A critical vulnerability in Langflow—a platform designed for visual construction of LLM chains—is actively being exploited by malicious actors. Identified as CVE-2025-3248, the flaw has received a CVSS score of 9.8, placing it near the highest level of severity.
The vulnerability stems from a lack of authentication on the /api/v1/validate/code
endpoint, which enables remote attackers to execute arbitrary code via specially crafted HTTP requests. Internally, the Python exec()
function is invoked directly on user input without any protective measures—no authentication, no sandboxing. This creates a direct pathway for adversaries to seize control of the server.
The flaw affects nearly all versions of Langflow, with the sole exception being version 1.3.0, released on March 31, 2025, which implements safeguards to neutralize the dangerous mechanism. Although the vulnerability was first disclosed in February, the situation escalated on April 9 when a fully functional proof-of-concept exploit was made publicly available.

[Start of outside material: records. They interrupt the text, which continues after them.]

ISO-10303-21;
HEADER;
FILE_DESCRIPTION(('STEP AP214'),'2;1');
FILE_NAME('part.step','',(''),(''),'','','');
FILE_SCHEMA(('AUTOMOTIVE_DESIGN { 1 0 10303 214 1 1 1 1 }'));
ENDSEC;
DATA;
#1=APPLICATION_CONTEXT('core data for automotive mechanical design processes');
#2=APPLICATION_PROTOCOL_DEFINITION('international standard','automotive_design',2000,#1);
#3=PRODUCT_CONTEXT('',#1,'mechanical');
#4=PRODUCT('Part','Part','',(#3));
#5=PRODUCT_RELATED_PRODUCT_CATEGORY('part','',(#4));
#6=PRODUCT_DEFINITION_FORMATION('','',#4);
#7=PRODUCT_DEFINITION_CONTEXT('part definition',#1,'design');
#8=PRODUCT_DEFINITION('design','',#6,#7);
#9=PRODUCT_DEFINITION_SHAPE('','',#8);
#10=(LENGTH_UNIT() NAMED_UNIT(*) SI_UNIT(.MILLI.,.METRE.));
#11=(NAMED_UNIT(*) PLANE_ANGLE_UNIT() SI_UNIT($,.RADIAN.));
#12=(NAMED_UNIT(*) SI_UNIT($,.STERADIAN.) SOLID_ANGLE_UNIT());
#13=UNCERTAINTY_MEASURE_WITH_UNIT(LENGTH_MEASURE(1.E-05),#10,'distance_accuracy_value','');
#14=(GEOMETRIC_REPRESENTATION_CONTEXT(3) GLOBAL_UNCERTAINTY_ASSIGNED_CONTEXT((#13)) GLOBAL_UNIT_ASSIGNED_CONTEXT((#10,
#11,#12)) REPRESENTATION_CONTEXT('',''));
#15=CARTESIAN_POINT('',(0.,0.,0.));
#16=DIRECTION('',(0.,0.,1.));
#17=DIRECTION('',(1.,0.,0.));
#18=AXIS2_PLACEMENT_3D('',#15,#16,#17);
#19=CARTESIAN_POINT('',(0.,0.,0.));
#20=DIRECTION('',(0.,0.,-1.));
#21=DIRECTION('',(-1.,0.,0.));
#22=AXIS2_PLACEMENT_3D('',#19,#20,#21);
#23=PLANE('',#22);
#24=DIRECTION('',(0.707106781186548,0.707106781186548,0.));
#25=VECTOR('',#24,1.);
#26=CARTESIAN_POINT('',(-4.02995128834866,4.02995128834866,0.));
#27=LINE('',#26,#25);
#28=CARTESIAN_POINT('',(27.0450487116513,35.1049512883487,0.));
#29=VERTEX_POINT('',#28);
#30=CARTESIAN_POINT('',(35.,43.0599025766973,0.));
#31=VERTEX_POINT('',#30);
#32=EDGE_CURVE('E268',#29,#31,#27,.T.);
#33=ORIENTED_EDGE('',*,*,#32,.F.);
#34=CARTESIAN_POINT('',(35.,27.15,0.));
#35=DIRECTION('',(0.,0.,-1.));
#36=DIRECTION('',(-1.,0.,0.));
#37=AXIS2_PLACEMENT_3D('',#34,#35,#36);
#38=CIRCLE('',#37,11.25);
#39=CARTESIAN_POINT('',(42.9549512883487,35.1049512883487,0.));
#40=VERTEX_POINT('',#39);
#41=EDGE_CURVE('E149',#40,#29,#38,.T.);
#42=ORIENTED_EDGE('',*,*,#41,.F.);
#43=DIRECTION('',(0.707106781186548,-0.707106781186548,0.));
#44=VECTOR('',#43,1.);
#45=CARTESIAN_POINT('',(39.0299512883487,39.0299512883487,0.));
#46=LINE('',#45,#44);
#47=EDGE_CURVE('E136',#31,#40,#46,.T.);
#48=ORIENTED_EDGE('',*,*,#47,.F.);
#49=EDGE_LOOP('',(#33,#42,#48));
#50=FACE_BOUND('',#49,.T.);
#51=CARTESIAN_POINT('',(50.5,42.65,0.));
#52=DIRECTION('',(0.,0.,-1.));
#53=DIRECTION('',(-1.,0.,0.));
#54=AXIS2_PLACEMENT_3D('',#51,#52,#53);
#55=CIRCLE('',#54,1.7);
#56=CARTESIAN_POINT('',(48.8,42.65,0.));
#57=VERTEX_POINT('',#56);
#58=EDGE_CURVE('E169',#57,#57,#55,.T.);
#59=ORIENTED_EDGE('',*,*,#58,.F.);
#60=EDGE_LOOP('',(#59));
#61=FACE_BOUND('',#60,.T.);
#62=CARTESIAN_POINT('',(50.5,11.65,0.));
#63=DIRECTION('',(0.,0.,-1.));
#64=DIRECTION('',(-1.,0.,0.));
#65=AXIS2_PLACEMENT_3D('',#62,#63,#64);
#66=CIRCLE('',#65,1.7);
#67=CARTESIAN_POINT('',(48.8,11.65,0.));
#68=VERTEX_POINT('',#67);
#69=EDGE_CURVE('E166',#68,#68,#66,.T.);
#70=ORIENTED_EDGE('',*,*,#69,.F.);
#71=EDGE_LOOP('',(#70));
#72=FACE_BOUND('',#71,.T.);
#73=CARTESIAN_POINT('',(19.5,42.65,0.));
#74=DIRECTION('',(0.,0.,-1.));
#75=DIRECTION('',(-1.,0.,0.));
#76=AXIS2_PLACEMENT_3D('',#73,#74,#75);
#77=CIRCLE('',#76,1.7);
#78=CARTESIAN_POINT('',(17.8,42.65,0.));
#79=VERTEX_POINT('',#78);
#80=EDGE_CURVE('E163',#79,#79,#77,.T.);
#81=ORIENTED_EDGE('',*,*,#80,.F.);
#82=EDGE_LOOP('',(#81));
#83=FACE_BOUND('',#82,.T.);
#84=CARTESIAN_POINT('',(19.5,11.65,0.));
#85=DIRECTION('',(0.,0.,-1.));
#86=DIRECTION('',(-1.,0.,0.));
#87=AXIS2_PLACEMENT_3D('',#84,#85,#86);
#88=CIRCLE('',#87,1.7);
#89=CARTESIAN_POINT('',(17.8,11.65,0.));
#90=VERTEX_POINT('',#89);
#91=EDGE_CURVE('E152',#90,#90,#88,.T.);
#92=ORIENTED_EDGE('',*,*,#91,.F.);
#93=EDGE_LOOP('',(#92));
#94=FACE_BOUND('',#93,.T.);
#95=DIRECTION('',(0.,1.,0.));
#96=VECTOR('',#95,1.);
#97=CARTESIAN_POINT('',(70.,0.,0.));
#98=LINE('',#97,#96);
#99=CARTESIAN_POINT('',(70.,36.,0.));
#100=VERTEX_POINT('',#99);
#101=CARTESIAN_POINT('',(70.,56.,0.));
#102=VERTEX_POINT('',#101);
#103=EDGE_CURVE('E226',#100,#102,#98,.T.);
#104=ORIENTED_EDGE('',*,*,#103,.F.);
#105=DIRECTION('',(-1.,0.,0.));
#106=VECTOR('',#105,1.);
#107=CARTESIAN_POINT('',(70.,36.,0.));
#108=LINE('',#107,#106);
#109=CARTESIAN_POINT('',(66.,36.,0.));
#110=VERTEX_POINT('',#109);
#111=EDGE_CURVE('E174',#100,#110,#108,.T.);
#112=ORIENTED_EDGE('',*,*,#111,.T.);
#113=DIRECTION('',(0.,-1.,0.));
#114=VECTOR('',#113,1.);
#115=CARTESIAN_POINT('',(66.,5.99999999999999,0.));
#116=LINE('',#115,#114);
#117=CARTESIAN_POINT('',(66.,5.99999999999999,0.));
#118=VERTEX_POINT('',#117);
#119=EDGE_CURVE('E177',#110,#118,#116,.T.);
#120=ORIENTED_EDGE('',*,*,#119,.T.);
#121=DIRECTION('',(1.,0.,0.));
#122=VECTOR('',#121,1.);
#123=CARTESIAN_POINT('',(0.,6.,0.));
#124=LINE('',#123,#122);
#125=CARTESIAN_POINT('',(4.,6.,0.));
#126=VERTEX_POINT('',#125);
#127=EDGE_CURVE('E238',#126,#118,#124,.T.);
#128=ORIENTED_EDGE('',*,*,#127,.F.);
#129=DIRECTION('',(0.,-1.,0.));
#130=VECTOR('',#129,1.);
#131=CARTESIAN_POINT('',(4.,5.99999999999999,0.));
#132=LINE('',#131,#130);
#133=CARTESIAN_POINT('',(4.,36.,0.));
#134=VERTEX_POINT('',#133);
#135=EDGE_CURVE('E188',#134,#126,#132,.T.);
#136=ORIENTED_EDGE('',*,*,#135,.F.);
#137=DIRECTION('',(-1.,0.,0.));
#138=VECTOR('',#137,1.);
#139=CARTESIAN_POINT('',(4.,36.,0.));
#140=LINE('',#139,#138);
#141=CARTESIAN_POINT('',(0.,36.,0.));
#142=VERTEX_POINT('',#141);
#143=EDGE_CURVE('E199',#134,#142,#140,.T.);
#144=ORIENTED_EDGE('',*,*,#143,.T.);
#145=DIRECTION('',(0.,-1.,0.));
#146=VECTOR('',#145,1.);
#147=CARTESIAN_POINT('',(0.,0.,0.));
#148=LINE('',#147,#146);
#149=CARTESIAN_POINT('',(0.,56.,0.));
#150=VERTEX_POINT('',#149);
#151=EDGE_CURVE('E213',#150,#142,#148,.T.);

According to Censys data, there are currently 466 exposed Langflow instances accessible on the internet, with the majority located in the United States, Germany, Singapore, India, and China. The identity and objectives of the attackers remain unknown, but the scale of the threat is a cause for serious concern.
Experts at Zscaler emphasize that CVE-2025-3248 starkly illustrates the perils of executing user-supplied code without robust authentication and isolation. The convenience of on-the-fly code validation—particularly in publicly accessible web applications—demands a cautious and well-architected approach.
Langflow, an open-source platform widely embraced in the AI community, allows users to visually orchestrate text and query processing pipelines using language models. Ironically, the vulnerability strikes at the very core of its user-friendly logic, turning convenience into a weapon in the hands of adversaries.
This incident serves as a sobering reminder of the architectural diligence required when developing systems that interact with executable code, and underscores the imperative of adopting proven security best practices.